Baseline capillary density in SA-T2DM patients was lower than in previous studies of the general Dutch population, indicating pre-existing microvascular impairment. In the placebo group, microvascular parameters worsened over time. Following three FMD cycles, only PBRdynamic significantly increased at three months, but this effect was reversed at the six-month follow-up. BMI and HbA1c decreased significantly at three months but only BMI remained significantly lower at six months. In contrast, Endocalyx™ supplementation resulted in significant improvements in PBRdynamic and MVHSdynamic at three months, which persisted at six months. Urinary MCP-1 was significantly reduced after three months of Endocalyx™ supplementation, but this effect did not persist. There were no significant changes in other glycocalyx or inflammatory markers in either intervention group.

The study demonstrates that SA-T2DM patients already present with compromised microvascular health at baseline, and this worsens without intervention. While FMD temporarily reduced BMI and HbA1c, it failed to improve and actually worsened some aspects of microvascular health at follow-up. The lack of sustained benefit from FMD might be related to pre-existing cardiovascular comorbidities or impaired metabolic switching from carbohydrates to lipids. In contrast, Endocalyx™ supplementation consistently improved microvascular health, suggesting a protective effect on the endothelial glycocalyx. The reduction in urinary MCP-1 suggests an anti-inflammatory effect. The absence of changes in other glycocalyx degradation markers may indicate that the mechanisms of action of Endocalyx™ are more complex than simply inhibiting these specific enzymes. The study’s findings highlight the need for therapies targeting different aspects of diabetic vascular disease.

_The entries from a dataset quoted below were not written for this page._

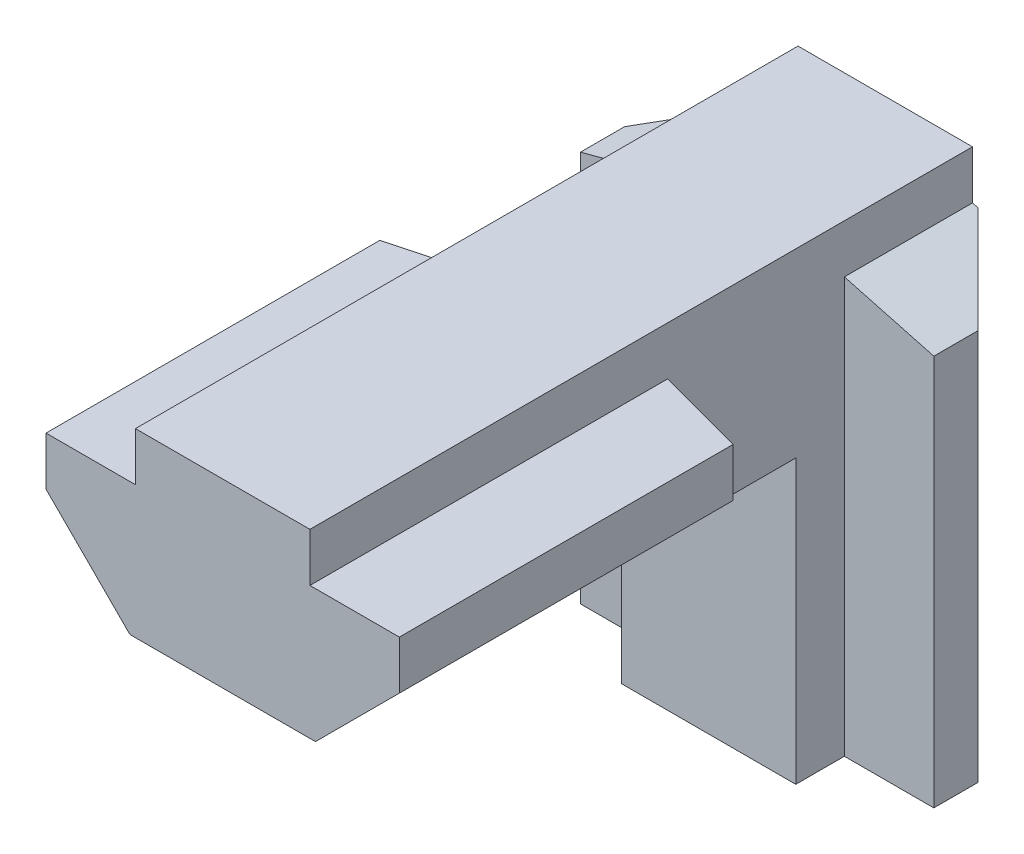
ISO-10303-21;
HEADER;
FILE_DESCRIPTION(('STEP AP214'),'2;1');
FILE_NAME('part.step','',(''),(''),'','','');
FILE_SCHEMA(('AUTOMOTIVE_DESIGN { 1 0 10303 214 1 1 1 1 }'));
ENDSEC;
DATA;
#1=APPLICATION_CONTEXT('core data for automotive mechanical design processes');
#2=APPLICATION_PROTOCOL_DEFINITION('international standard','automotive_design',2000,#1);
#3=PRODUCT_CONTEXT('',#1,'mechanical');
#4=PRODUCT('Part','Part','',(#3));
#5=PRODUCT_RELATED_PRODUCT_CATEGORY('part','',(#4));
#6=PRODUCT_DEFINITION_FORMATION('','',#4);
#7=PRODUCT_DEFINITION_CONTEXT('part definition',#1,'design');
#8=PRODUCT_DEFINITION('design','',#6,#7);
#9=PRODUCT_DEFINITION_SHAPE('','',#8);
#10=(LENGTH_UNIT() NAMED_UNIT(*) SI_UNIT(.MILLI.,.METRE.));
#11=(NAMED_UNIT(*) PLANE_ANGLE_UNIT() SI_UNIT($,.RADIAN.));
#12=(NAMED_UNIT(*) SI_UNIT($,.STERADIAN.) SOLID_ANGLE_UNIT());
#13=UNCERTAINTY_MEASURE_WITH_UNIT(LENGTH_MEASURE(1.E-05),#10,'distance_accuracy_value','');
#14=(GEOMETRIC_REPRESENTATION_CONTEXT(3) GLOBAL_UNCERTAINTY_ASSIGNED_CONTEXT((#13)) GLOBAL_UNIT_ASSIGNED_CONTEXT((#10,
#11,#12)) REPRESENTATION_CONTEXT('',''));
#15=CARTESIAN_POINT('',(0.,0.,0.));
#16=DIRECTION('',(0.,0.,1.));
#17=DIRECTION('',(1.,0.,0.));
#18=AXIS2_PLACEMENT_3D('',#15,#16,#17);
#19=CARTESIAN_POINT('',(8.,0.,0.));
#20=DIRECTION('',(1.,0.,0.));
#21=DIRECTION('',(0.,0.,-1.));
#22=AXIS2_PLACEMENT_3D('',#19,#20,#21);
#23=PLANE('',#22);
#24=DIRECTION('',(0.,1.,0.));
#25=VECTOR('',#24,1.);
#26=CARTESIAN_POINT('',(8.,-21.,-4.2));
#27=LINE('',#26,#25);
#28=CARTESIAN_POINT('',(8.,-21.,-4.2));
#29=VERTEX_POINT('',#28);
#30=CARTESIAN_POINT('',(8.,-3.285194229346,-4.2));
#31=VERTEX_POINT('',#30);
#32=EDGE_CURVE('E276',#29,#31,#27,.T.);
#33=ORIENTED_EDGE('',*,*,#32,.T.);
#34=DIRECTION('',(0.,0.,1.));
#35=VECTOR('',#34,1.);
#36=CARTESIAN_POINT('',(8.,-3.285194229346,-8.));
#37=LINE('',#36,#35);
#38=CARTESIAN_POINT('',(8.,-3.285194229346,-2.2));
#39=VERTEX_POINT('',#38);
#40=EDGE_CURVE('E244',#31,#39,#37,.T.);
#41=ORIENTED_EDGE('',*,*,#40,.T.);
#42=DIRECTION('',(0.,1.,0.));
#43=VECTOR('',#42,1.);
#44=CARTESIAN_POINT('',(8.,-21.,-2.2));
#45=LINE('',#44,#43);
#46=CARTESIAN_POINT('',(8.,-21.,-2.2));
#47=VERTEX_POINT('',#46);
#48=EDGE_CURVE('E249',#39,#47,#45,.F.);
#49=ORIENTED_EDGE('',*,*,#48,.T.);
#50=DIRECTION('',(0.,0.,-1.));
#51=VECTOR('',#50,1.);
#52=CARTESIAN_POINT('',(8.,-21.,0.));
#53=LINE('',#52,#51);
#54=EDGE_CURVE('E288',#29,#47,#53,.F.);
#55=ORIENTED_EDGE('',*,*,#54,.F.);
#56=EDGE_LOOP('',(#33,#41,#49,#55));
#57=FACE_BOUND('',#56,.T.);
#58=ADVANCED_FACE('F15',(#57),#23,.T.);
#59=CARTESIAN_POINT('',(-8.,0.,0.));
#60=DIRECTION('',(1.,0.,0.));
#61=DIRECTION('',(0.,0.,-1.));
#62=AXIS2_PLACEMENT_3D('',#59,#60,#61);
#63=PLANE('',#62);
#64=DIRECTION('',(0.,1.,0.));
#65=VECTOR('',#64,1.);
#66=CARTESIAN_POINT('',(-8.,-21.,-2.2));
#67=LINE('',#66,#65);
#68=CARTESIAN_POINT('',(-8.,-21.,-2.2));
#69=VERTEX_POINT('',#68);
#70=CARTESIAN_POINT('',(-8.00000000000001,-3.28519422934598,-2.2));
#71=VERTEX_POINT('',#70);
#72=EDGE_CURVE('E214',#69,#71,#67,.T.);
#73=ORIENTED_EDGE('',*,*,#72,.T.);
#74=DIRECTION('',(0.,0.,1.));
#75=VECTOR('',#74,1.);
#76=CARTESIAN_POINT('',(-8.00000000000002,-3.28519422934593,-8.));
#77=LINE('',#76,#75);
#78=CARTESIAN_POINT('',(-8.00000000000001,-3.28519422934598,-4.2));
#79=VERTEX_POINT('',#78);
#80=EDGE_CURVE('E181',#71,#79,#77,.F.);
#81=ORIENTED_EDGE('',*,*,#80,.T.);
#82=DIRECTION('',(0.,1.,0.));
#83=VECTOR('',#82,1.);
#84=CARTESIAN_POINT('',(-8.,-21.,-4.2));
#85=LINE('',#84,#83);
#86=CARTESIAN_POINT('',(-8.,-21.,-4.2));
#87=VERTEX_POINT('',#86);
#88=EDGE_CURVE('E177',#79,#87,#85,.F.);
#89=ORIENTED_EDGE('',*,*,#88,.T.);
#90=DIRECTION('',(0.,0.,-1.));
#91=VECTOR('',#90,1.);
#92=CARTESIAN_POINT('',(-8.,-21.,0.));
#93=LINE('',#92,#91);
#94=EDGE_CURVE('E217',#69,#87,#93,.T.);
#95=ORIENTED_EDGE('',*,*,#94,.F.);
#96=EDGE_LOOP('',(#73,#81,#89,#95));
#97=FACE_BOUND('',#96,.T.);
#98=ADVANCED_FACE('F216',(#97),#63,.F.);
#99=CARTESIAN_POINT('',(-8.,-21.,-2.2));
#100=DIRECTION('',(0.,0.,-1.));
#101=DIRECTION('',(-1.,0.,0.));
#102=AXIS2_PLACEMENT_3D('',#99,#100,#101);
#103=PLANE('',#102);
#104=DIRECTION('',(0.,1.,0.));
#105=VECTOR('',#104,1.);
#106=CARTESIAN_POINT('',(-3.95,-2.2,-2.2));
#107=LINE('',#106,#105);
#108=CARTESIAN_POINT('',(-3.95,-21.,-2.2));
#109=VERTEX_POINT('',#108);
#110=CARTESIAN_POINT('',(-3.95,-2.2,-2.2));
#111=VERTEX_POINT('',#110);
#112=EDGE_CURVE('E223',#109,#111,#107,.T.);
#113=ORIENTED_EDGE('',*,*,#112,.T.);
#114=DIRECTION('',(0.965925826289076,0.258819045102493,0.));
#115=VECTOR('',#114,1.);
#116=CARTESIAN_POINT('',(-3.95,-2.2,-2.2));
#117=LINE('',#116,#115);
#118=EDGE_CURVE('E220',#111,#71,#117,.F.);
#119=ORIENTED_EDGE('',*,*,#118,.T.);
#120=ORIENTED_EDGE('',*,*,#72,.F.);
#121=DIRECTION('',(1.,0.,0.));
#122=VECTOR('',#121,1.);
#123=CARTESIAN_POINT('',(-8.,-21.,-2.2));
#124=LINE('',#123,#122);
#125=EDGE_CURVE('E169',#109,#69,#124,.F.);
#126=ORIENTED_EDGE('',*,*,#125,.F.);
#127=EDGE_LOOP('',(#113,#119,#120,#126));
#128=FACE_BOUND('',#127,.T.);
#129=ADVANCED_FACE('F221',(#128),#103,.F.);
#130=CARTESIAN_POINT('',(-3.95,-2.2,-8.));
#131=DIRECTION('',(0.258819045102493,-0.965925826289076,0.));
#132=DIRECTION('',(0.965925826289076,0.258819045102493,0.));
#133=AXIS2_PLACEMENT_3D('',#130,#131,#132);
#134=PLANE('',#133);
#135=DIRECTION('',(0.,0.,-1.));
#136=VECTOR('',#135,1.);
#137=CARTESIAN_POINT('',(-3.95,-2.2,22.));
#138=LINE('',#137,#136);
#139=CARTESIAN_POINT('',(-3.95,-2.2,-8.));
#140=VERTEX_POINT('',#139);
#141=EDGE_CURVE('E306',#111,#140,#138,.T.);
#142=ORIENTED_EDGE('',*,*,#141,.T.);
#143=DIRECTION('',(0.965925826289076,0.258819045102493,0.));
#144=VECTOR('',#143,1.);
#145=CARTESIAN_POINT('',(-3.95,-2.2,-8.));
#146=LINE('',#145,#144);
#147=CARTESIAN_POINT('',(-4.20000000000003,-2.26698729810789,-8.));
#148=VERTEX_POINT('',#147);
#149=EDGE_CURVE('E76',#148,#140,#146,.T.);
#150=ORIENTED_EDGE('',*,*,#149,.F.);
#151=DIRECTION('',(-0.694746590606872,-0.186156787897339,0.694746590606872));
#152=VECTOR('',#151,1.);
#153=CARTESIAN_POINT('',(-4.2,-2.26698729810799,-8.));
#154=LINE('',#153,#152);
#155=EDGE_CURVE('E228',#148,#79,#154,.T.);
#156=ORIENTED_EDGE('',*,*,#155,.T.);
#157=ORIENTED_EDGE('',*,*,#80,.F.);
#158=ORIENTED_EDGE('',*,*,#118,.F.);
#159=EDGE_LOOP('',(#142,#150,#156,#157,#158));
#160=FACE_BOUND('',#159,.T.);
#161=ADVANCED_FACE('F227',(#160),#134,.F.);
#162=CARTESIAN_POINT('',(-3.95,-21.,5.8));
#163=DIRECTION('',(0.258819045102493,0.,0.965925826289076));
#164=DIRECTION('',(0.965925826289076,0.,-0.258819045102493));
#165=AXIS2_PLACEMENT_3D('',#162,#163,#164);
#166=PLANE('',#165);
#167=DIRECTION('',(0.,1.,0.));
#168=VECTOR('',#167,1.);
#169=CARTESIAN_POINT('',(-3.95,-2.2,5.8));
#170=LINE('',#169,#168);
#171=CARTESIAN_POINT('',(-3.95,-2.2,5.8));
#172=VERTEX_POINT('',#171);
#173=CARTESIAN_POINT('',(-3.95,-8.19999999999999,5.8));
#174=VERTEX_POINT('',#173);
#175=EDGE_CURVE('E302',#172,#174,#170,.F.);
#176=ORIENTED_EDGE('',*,*,#175,.T.);
#177=DIRECTION('',(0.965925826288855,0.,-0.258819045103315));
#178=VECTOR('',#177,1.);
#179=CARTESIAN_POINT('',(-4.2,-8.2,5.866987298108));
#180=LINE('',#179,#178);
#181=CARTESIAN_POINT('',(-4.20000000000003,-8.2,5.86698729810789));
#182=VERTEX_POINT('',#181);
#183=EDGE_CURVE('E251',#182,#174,#180,.T.);
#184=ORIENTED_EDGE('',*,*,#183,.F.);
#185=DIRECTION('',(-0.694746590606872,0.694746590606872,0.186156787897339));
#186=VECTOR('',#185,1.);
#187=CARTESIAN_POINT('',(-4.2,-8.2,5.86698729810799));
#188=LINE('',#187,#186);
#189=CARTESIAN_POINT('',(-8.00000000000001,-4.4,6.88519422934598));
#190=VERTEX_POINT('',#189);
#191=EDGE_CURVE('E238',#182,#190,#188,.T.);
#192=ORIENTED_EDGE('',*,*,#191,.T.);
#193=DIRECTION('',(0.,1.,0.));
#194=VECTOR('',#193,1.);
#195=CARTESIAN_POINT('',(-8.,0.,6.885194229346));
#196=LINE('',#195,#194);
#197=CARTESIAN_POINT('',(-8.00000000000001,-2.2,6.88519422934597));
#198=VERTEX_POINT('',#197);
#199=EDGE_CURVE('E233',#190,#198,#196,.T.);
#200=ORIENTED_EDGE('',*,*,#199,.T.);
#201=DIRECTION('',(0.965925826289071,0.,-0.258819045102511));
#202=VECTOR('',#201,1.);
#203=CARTESIAN_POINT('',(-8.,-2.2,6.885194229346));
#204=LINE('',#203,#202);
#205=EDGE_CURVE('E225',#198,#172,#204,.T.);
#206=ORIENTED_EDGE('',*,*,#205,.T.);
#207=EDGE_LOOP('',(#176,#184,#192,#200,#206));
#208=FACE_BOUND('',#207,.T.);
#209=ADVANCED_FACE('F396',(#208),#166,.F.);
#210=CARTESIAN_POINT('',(-8.,-2.2,22.));
#211=DIRECTION('',(0.,-1.,0.));
#212=DIRECTION('',(0.,0.,-1.));
#213=AXIS2_PLACEMENT_3D('',#210,#211,#212);
#214=PLANE('',#213);
#215=DIRECTION('',(1.,0.,0.));
#216=VECTOR('',#215,1.);
#217=CARTESIAN_POINT('',(-8.,-2.2,22.));
#218=LINE('',#217,#216);
#219=CARTESIAN_POINT('',(-3.95,-2.2,22.));
#220=VERTEX_POINT('',#219);
#221=CARTESIAN_POINT('',(-8.,-2.2,22.));
#222=VERTEX_POINT('',#221);
#223=EDGE_CURVE('E143',#220,#222,#218,.F.);
#224=ORIENTED_EDGE('',*,*,#223,.F.);
#225=DIRECTION('',(0.,0.,-1.));
#226=VECTOR('',#225,1.);
#227=CARTESIAN_POINT('',(-3.95,-2.2,22.));
#228=LINE('',#227,#226);
#229=EDGE_CURVE('E304',#220,#172,#228,.T.);
#230=ORIENTED_EDGE('',*,*,#229,.T.);
#231=ORIENTED_EDGE('',*,*,#205,.F.);
#232=DIRECTION('',(0.,0.,-1.));
#233=VECTOR('',#232,1.);
#234=CARTESIAN_POINT('',(-8.,-2.2,0.));
#235=LINE('',#234,#233);
#236=EDGE_CURVE('E234',#198,#222,#235,.F.);
#237=ORIENTED_EDGE('',*,*,#236,.T.);
#238=EDGE_LOOP('',(#224,#230,#231,#237));
#239=FACE_BOUND('',#238,.T.);
#240=ADVANCED_FACE('F399',(#239),#214,.F.);
#241=CARTESIAN_POINT('',(-8.,0.,0.));
#242=DIRECTION('',(1.,0.,0.));
#243=DIRECTION('',(0.,0.,-1.));
#244=AXIS2_PLACEMENT_3D('',#241,#242,#243);
#245=PLANE('',#244);
#246=ORIENTED_EDGE('',*,*,#236,.F.);
#247=ORIENTED_EDGE('',*,*,#199,.F.);
#248=DIRECTION('',(0.,0.,1.));
#249=VECTOR('',#248,1.);
#250=CARTESIAN_POINT('',(-8.,-4.4,22.));
#251=LINE('',#250,#249);
#252=CARTESIAN_POINT('',(-8.,-4.4,22.));
#253=VERTEX_POINT('',#252);
#254=EDGE_CURVE('E236',#190,#253,#251,.T.);
#255=ORIENTED_EDGE('',*,*,#254,.T.);
#256=DIRECTION('',(0.,1.,0.));
#257=VECTOR('',#256,1.);
#258=CARTESIAN_POINT('',(-8.,0.,22.));
#259=LINE('',#258,#257);
#260=EDGE_CURVE('E326',#222,#253,#259,.F.);
#261=ORIENTED_EDGE('',*,*,#260,.F.);
#262=EDGE_LOOP('',(#246,#247,#255,#261));
#263=FACE_BOUND('',#262,.T.);
#264=ADVANCED_FACE('F402',(#263),#245,.F.);
#265=CARTESIAN_POINT('',(-4.2,-8.2,22.));
#266=DIRECTION('',(0.707106781186548,0.707106781186548,0.));
#267=DIRECTION('',(-0.707106781186548,0.707106781186548,0.));
#268=AXIS2_PLACEMENT_3D('',#265,#266,#267);
#269=PLANE('',#268);
#270=DIRECTION('',(0.,0.,-1.));
#271=VECTOR('',#270,1.);
#272=CARTESIAN_POINT('',(-4.2,-8.2,22.));
#273=LINE('',#272,#271);
#274=CARTESIAN_POINT('',(-4.2,-8.2,22.));
#275=VERTEX_POINT('',#274);
#276=EDGE_CURVE('E253',#275,#182,#273,.T.);
#277=ORIENTED_EDGE('',*,*,#276,.F.);
#278=DIRECTION('',(0.707106781186548,-0.707106781186547,0.));
#279=VECTOR('',#278,1.);
#280=CARTESIAN_POINT('',(-8.,-4.4,22.));
#281=LINE('',#280,#279);
#282=EDGE_CURVE('E323',#253,#275,#281,.T.);
#283=ORIENTED_EDGE('',*,*,#282,.F.);
#284=ORIENTED_EDGE('',*,*,#254,.F.);
#285=ORIENTED_EDGE('',*,*,#191,.F.);
#286=EDGE_LOOP('',(#277,#283,#284,#285));
#287=FACE_BOUND('',#286,.T.);
#288=ADVANCED_FACE('F393',(#287),#269,.F.);
#289=CARTESIAN_POINT('',(8.,-4.4,22.));
#290=DIRECTION('',(-0.707106781186548,0.707106781186548,0.));
#291=DIRECTION('',(-0.707106781186548,-0.707106781186548,0.));
#292=AXIS2_PLACEMENT_3D('',#289,#290,#291);
#293=PLANE('',#292);
#294=DIRECTION('',(0.,0.,-1.));
#295=VECTOR('',#294,1.);
#296=CARTESIAN_POINT('',(4.2,-8.2,22.));
#297=LINE('',#296,#295);
#298=CARTESIAN_POINT('',(4.20000000000001,-8.2,5.86698729810796));
#299=VERTEX_POINT('',#298);
#300=CARTESIAN_POINT('',(4.2,-8.2,22.));
#301=VERTEX_POINT('',#300);
#302=EDGE_CURVE('E257',#299,#301,#297,.F.);
#303=ORIENTED_EDGE('',*,*,#302,.F.);
#304=DIRECTION('',(0.694746590606865,0.694746590606872,0.186156787897364));
#305=VECTOR('',#304,1.);
#306=CARTESIAN_POINT('',(4.20000000000004,-8.19999999999999,5.86698729810786));
#307=LINE('',#306,#305);
#308=CARTESIAN_POINT('',(8.,-4.4,6.885194229346));
#309=VERTEX_POINT('',#308);
#310=EDGE_CURVE('E264',#299,#309,#307,.T.);
#311=ORIENTED_EDGE('',*,*,#310,.T.);
#312=DIRECTION('',(0.,0.,-1.));
#313=VECTOR('',#312,1.);
#314=CARTESIAN_POINT('',(8.,-4.4,0.));
#315=LINE('',#314,#313);
#316=CARTESIAN_POINT('',(8.,-4.4,22.));
#317=VERTEX_POINT('',#316);
#318=EDGE_CURVE('E241',#317,#309,#315,.T.);
#319=ORIENTED_EDGE('',*,*,#318,.F.);
#320=DIRECTION('',(0.707106781186548,0.707106781186547,0.));
#321=VECTOR('',#320,1.);
#322=CARTESIAN_POINT('',(4.2,-8.2,22.));
#323=LINE('',#322,#321);
#324=EDGE_CURVE('E317',#301,#317,#323,.T.);
#325=ORIENTED_EDGE('',*,*,#324,.F.);
#326=EDGE_LOOP('',(#303,#311,#319,#325));
#327=FACE_BOUND('',#326,.T.);
#328=ADVANCED_FACE('F388',(#327),#293,.F.);
#329=CARTESIAN_POINT('',(8.,0.,0.));
#330=DIRECTION('',(1.,0.,0.));
#331=DIRECTION('',(0.,0.,-1.));
#332=AXIS2_PLACEMENT_3D('',#329,#330,#331);
#333=PLANE('',#332);
#334=DIRECTION('',(0.,1.,0.));
#335=VECTOR('',#334,1.);
#336=CARTESIAN_POINT('',(8.,0.,22.));
#337=LINE('',#336,#335);
#338=CARTESIAN_POINT('',(8.,-2.2,22.));
#339=VERTEX_POINT('',#338);
#340=EDGE_CURVE('E314',#317,#339,#337,.T.);
#341=ORIENTED_EDGE('',*,*,#340,.F.);
#342=ORIENTED_EDGE('',*,*,#318,.T.);
#343=DIRECTION('',(0.,1.,0.));
#344=VECTOR('',#343,1.);
#345=CARTESIAN_POINT('',(8.,-21.,6.885194229346));
#346=LINE('',#345,#344);
#347=CARTESIAN_POINT('',(8.,-2.2,6.885194229346));
#348=VERTEX_POINT('',#347);
#349=EDGE_CURVE('E256',#309,#348,#346,.T.);
#350=ORIENTED_EDGE('',*,*,#349,.T.);
#351=DIRECTION('',(0.,0.,-1.));
#352=VECTOR('',#351,1.);
#353=CARTESIAN_POINT('',(8.,-2.2,22.));
#354=LINE('',#353,#352);
#355=EDGE_CURVE('E121',#348,#339,#354,.F.);
#356=ORIENTED_EDGE('',*,*,#355,.T.);
#357=EDGE_LOOP('',(#341,#342,#350,#356));
#358=FACE_BOUND('',#357,.T.);
#359=ADVANCED_FACE('F386',(#358),#333,.T.);
#360=CARTESIAN_POINT('',(8.,-3.285194229346,-8.));
#361=DIRECTION('',(-0.258819045102493,-0.965925826289076,0.));
#362=DIRECTION('',(0.965925826289076,-0.258819045102493,0.));
#363=AXIS2_PLACEMENT_3D('',#360,#361,#362);
#364=PLANE('',#363);
#365=DIRECTION('',(0.965925826289076,-0.258819045102493,0.));
#366=VECTOR('',#365,1.);
#367=CARTESIAN_POINT('',(8.,-3.285194229346,-8.));
#368=LINE('',#367,#366);
#369=CARTESIAN_POINT('',(3.94999999999999,-2.20000000000003,-8.));
#370=VERTEX_POINT('',#369);
#371=CARTESIAN_POINT('',(4.20000000000002,-2.26698729810793,-8.));
#372=VERTEX_POINT('',#371);
#373=EDGE_CURVE('E245',#370,#372,#368,.T.);
#374=ORIENTED_EDGE('',*,*,#373,.F.);
#375=DIRECTION('',(0.,0.,1.));
#376=VECTOR('',#375,1.);
#377=CARTESIAN_POINT('',(3.95,-2.2,22.));
#378=LINE('',#377,#376);
#379=CARTESIAN_POINT('',(3.94999999999999,-2.20000000000004,-2.2));
#380=VERTEX_POINT('',#379);
#381=EDGE_CURVE('E113',#370,#380,#378,.T.);
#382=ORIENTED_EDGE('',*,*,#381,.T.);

This study demonstrates that glycocalyx mimetic supplementation with Endocalyx™ is a promising intervention to improve microvascular health in SA-T2DM. Although FMD showed temporary metabolic benefits, it did not improve and possibly worsened microvascular health. Future research should investigate the long-term effects of Endocalyx™ and explore the underlying mechanisms responsible for its beneficial effects. Further investigation is also needed to optimize FMD protocols for SA-T2DM patients, potentially including strategies to enhance ketogenesis.

The relatively small sample size and high dropout rate, partly due to the COVID-19 pandemic, limit the generalizability of the findings. The low rate of ketosis observed in the FMD group raises concerns about dietary adherence or potential metabolic differences between South-Asian and European populations. The study also lacked routine monitoring of eGFR, which could be crucial in patients undergoing dietary restrictions. Future studies with larger sample sizes and stricter adherence monitoring are necessary to confirm these findings and investigate the effects of these interventions on various diabetic complications.